Tax interpretations and administrative court rulings
Individual interpretation of August 11, 2023 (ref. no. 0114-KDIP2-1.4010.341.2023.1.KW)
The tax authority indicated that the list of events considered hidden profits, specified in Article 24q, Section 1a of the CIT Act, is closed. An example is the question regarding the payment of real estate rent by a foundation to the founder.
Conclusions from the interpretation:
- If the foundation pays rent set at market level, this benefit will not be considered hidden profit because it does not fall within the catalogue specified in the regulations.
- The closed nature of the catalogue gives family foundations the ability to precisely plan their activities in order to avoid the classification of some benefits as hidden profits.
Individual interpretation of February 13, 2024 (ref. no. 0111-KDIB1-2.4010.283.2024.2.AK)
The applicant, a family foundation, asked about granting loans to beneficiaries for periods of less than 10 years. The tax authority explained that these loans would not be considered hidden profits as long as their repayment period was less than 10 years.
Conclusions from the interpretation:
- Loans to beneficiaries for short periods (less than 10 years) do not give rise to hidden profits.
- If the loan period is extended (e.g. by an addendum), this may result in it being classified as hidden profit.
Judgment of the Voivodship Administrative Court in Łódź (ref. I SA/Łd 313/24)
The court considered the case of the founder's remuneration for management services provided to a family foundation.
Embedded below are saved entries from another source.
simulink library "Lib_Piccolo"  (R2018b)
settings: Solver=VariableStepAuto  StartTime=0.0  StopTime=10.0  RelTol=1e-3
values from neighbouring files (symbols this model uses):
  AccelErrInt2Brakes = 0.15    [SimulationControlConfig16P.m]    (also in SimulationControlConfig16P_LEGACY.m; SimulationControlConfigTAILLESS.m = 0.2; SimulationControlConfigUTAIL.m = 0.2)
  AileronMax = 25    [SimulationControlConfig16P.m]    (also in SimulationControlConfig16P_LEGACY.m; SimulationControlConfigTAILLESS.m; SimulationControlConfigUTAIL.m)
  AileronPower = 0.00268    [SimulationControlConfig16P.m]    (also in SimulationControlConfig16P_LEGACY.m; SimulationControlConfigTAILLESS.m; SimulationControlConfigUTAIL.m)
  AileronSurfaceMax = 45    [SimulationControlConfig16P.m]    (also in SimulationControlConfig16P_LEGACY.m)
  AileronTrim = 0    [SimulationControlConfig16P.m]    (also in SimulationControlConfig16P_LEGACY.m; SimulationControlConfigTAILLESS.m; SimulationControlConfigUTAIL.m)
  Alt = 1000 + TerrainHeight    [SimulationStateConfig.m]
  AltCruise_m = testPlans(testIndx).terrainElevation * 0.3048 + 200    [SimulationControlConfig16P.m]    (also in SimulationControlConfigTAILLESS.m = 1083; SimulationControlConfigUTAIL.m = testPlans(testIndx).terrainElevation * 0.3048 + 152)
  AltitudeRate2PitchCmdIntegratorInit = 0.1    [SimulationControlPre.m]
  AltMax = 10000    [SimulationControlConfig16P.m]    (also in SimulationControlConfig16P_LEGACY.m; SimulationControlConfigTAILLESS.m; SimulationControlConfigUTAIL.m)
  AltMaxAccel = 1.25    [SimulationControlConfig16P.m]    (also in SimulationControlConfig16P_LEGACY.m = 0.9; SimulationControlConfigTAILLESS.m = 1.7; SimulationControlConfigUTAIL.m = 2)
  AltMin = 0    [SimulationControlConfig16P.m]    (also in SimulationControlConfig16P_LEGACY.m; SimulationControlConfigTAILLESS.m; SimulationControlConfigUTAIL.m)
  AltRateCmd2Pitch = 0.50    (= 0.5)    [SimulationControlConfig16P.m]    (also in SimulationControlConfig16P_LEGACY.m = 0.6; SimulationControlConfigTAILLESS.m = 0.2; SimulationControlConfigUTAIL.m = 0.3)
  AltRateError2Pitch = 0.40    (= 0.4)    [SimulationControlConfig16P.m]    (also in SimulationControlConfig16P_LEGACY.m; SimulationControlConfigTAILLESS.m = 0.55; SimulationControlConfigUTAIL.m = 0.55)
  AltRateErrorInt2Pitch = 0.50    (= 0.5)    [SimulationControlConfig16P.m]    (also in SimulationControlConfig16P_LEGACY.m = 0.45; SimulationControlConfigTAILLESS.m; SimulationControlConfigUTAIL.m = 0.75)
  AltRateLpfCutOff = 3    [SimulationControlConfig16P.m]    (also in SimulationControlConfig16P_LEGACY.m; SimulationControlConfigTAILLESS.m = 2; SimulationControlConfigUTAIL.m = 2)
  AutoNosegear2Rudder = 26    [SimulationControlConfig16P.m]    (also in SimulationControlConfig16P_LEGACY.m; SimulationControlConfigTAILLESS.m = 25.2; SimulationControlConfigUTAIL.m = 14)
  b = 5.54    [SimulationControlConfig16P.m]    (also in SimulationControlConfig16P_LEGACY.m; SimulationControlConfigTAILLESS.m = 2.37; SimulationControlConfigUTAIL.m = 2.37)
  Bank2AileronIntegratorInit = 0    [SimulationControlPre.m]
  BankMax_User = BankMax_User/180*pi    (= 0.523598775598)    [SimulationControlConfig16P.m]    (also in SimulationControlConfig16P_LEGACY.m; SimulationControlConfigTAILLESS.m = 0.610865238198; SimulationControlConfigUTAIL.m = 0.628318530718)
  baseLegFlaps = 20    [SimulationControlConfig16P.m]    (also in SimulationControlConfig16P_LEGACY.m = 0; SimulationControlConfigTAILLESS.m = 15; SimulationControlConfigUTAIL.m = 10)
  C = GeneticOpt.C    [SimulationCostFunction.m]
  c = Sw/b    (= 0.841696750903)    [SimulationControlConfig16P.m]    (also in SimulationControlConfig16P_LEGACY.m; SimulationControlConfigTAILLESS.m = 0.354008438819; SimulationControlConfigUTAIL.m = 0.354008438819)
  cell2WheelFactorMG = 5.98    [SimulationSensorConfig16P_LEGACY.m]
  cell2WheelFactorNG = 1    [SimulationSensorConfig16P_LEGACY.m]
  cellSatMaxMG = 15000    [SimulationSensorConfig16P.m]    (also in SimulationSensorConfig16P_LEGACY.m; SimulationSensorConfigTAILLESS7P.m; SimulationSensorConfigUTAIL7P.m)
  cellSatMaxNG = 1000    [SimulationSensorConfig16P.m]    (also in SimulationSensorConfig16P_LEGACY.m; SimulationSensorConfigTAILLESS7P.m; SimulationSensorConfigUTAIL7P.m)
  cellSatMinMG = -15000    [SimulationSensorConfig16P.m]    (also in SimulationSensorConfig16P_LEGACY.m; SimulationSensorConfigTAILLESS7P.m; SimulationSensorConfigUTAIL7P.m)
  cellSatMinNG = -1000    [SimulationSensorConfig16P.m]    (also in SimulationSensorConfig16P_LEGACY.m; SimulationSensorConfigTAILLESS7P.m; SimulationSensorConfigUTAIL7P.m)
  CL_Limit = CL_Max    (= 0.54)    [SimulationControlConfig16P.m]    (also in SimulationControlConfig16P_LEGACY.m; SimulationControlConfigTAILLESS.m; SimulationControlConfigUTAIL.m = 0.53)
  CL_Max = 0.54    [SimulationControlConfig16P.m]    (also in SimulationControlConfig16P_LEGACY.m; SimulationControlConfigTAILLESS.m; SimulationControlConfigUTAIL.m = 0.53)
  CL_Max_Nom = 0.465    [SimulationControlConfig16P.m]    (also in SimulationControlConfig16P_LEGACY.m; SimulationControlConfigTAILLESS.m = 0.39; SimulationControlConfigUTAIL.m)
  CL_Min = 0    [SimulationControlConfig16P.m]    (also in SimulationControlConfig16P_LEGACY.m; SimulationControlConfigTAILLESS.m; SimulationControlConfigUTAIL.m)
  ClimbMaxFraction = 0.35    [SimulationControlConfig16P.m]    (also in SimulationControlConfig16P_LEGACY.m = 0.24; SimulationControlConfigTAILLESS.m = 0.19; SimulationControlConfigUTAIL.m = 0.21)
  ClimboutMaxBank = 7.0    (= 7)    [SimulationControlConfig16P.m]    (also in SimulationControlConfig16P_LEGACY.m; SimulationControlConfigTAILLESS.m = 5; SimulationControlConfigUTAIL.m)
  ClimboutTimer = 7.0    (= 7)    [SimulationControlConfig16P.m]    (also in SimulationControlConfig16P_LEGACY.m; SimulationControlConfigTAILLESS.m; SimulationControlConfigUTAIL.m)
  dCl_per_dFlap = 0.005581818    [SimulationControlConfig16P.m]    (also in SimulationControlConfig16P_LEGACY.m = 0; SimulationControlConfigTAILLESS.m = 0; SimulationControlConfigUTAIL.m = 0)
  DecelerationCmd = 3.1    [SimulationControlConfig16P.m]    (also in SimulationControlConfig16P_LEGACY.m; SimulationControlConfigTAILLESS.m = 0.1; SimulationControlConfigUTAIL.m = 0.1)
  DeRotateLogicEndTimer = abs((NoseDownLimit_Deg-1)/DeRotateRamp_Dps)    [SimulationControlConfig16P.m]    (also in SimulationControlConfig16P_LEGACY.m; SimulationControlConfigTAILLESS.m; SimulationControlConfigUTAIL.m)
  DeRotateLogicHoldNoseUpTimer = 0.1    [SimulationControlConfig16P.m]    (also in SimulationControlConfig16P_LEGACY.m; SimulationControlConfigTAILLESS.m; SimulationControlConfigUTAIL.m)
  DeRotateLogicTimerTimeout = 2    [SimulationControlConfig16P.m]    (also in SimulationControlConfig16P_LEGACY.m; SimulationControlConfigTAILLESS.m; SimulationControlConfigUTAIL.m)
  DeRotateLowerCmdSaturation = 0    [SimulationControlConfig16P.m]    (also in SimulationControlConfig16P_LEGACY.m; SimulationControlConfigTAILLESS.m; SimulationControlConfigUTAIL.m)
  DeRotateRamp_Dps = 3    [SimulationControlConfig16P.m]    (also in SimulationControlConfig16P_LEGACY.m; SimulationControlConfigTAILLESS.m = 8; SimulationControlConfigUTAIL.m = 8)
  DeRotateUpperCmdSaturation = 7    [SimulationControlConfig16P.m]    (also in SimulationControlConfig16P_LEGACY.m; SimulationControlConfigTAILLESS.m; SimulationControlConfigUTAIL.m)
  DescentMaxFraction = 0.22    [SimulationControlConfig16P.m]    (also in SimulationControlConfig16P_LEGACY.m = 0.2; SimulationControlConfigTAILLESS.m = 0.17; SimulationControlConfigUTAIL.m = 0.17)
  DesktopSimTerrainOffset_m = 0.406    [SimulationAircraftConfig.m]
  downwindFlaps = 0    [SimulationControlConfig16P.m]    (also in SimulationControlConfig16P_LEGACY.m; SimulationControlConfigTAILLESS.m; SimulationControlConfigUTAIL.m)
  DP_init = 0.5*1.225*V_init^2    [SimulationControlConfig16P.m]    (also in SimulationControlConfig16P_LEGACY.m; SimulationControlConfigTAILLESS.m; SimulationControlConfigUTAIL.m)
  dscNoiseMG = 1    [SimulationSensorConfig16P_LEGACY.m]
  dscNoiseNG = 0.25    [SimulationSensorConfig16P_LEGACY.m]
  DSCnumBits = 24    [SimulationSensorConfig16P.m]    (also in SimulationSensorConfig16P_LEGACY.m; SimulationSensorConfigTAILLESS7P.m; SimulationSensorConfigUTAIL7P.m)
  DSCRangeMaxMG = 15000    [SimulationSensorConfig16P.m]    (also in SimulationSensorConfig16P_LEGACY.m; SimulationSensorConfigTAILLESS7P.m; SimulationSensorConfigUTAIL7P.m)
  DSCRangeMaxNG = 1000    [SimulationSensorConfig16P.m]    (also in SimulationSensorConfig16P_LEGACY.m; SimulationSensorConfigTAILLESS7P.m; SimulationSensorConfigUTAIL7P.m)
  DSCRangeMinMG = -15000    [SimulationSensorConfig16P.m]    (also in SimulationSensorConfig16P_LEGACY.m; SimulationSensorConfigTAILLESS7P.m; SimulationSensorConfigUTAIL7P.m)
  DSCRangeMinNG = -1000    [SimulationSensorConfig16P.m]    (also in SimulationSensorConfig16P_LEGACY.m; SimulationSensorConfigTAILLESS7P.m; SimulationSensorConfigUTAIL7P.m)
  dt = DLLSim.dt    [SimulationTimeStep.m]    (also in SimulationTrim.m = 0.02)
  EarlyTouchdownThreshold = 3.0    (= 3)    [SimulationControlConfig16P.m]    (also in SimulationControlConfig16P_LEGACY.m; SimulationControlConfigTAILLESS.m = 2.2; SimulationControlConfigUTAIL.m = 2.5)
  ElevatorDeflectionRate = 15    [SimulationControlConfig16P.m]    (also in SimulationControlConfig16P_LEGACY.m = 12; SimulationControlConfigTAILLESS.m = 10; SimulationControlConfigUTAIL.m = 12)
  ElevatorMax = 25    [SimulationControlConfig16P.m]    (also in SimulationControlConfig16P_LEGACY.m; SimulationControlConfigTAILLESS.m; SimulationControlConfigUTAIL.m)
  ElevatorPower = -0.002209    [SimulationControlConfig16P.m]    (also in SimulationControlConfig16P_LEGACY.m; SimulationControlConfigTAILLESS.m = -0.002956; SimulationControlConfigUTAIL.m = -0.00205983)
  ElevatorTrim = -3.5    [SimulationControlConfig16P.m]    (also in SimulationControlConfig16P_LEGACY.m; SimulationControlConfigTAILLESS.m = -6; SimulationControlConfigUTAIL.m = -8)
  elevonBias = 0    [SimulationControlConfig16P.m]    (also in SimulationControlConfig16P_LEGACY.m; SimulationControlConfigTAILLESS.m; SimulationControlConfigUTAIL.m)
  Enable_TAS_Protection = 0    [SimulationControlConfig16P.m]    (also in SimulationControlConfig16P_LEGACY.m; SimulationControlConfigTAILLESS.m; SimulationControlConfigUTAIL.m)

This remuneration was classified as hidden profit because it was a benefit transferred directly to the founder and was not of a market nature.
Conclusions from the ruling:
- The founder's remuneration for management services, if not at market level, may be considered a hidden profit.
- The court stressed that family foundations should avoid situations in which benefits for founders do not meet market principles.
Summary
A family foundation is a modern solution that enables effective management of family assets, protection of their integrity and ensuring smooth transfer to subsequent generations. Thanks to its unique features, a family foundation allows for long-term preservation of the value of assets and realization of family goals in an orderly manner.
However, despite its many benefits, a family foundation is an entity with a complex legal and tax structure. It requires compliance with numerous regulations, such as rules on hidden profits and careful planning regarding asset management and benefits for beneficiaries.
For this reason, it is worth using the help of experts – tax advisors, lawyers and accountants – who will help you avoid mistakes, ensure compliance with legal regulations and enable you to fully utilize the potential of your family foundation.
The decision to establish a family foundation is a step towards securing the future of the family. With the help of specialists, you can make it a solid foundation of assets for generations.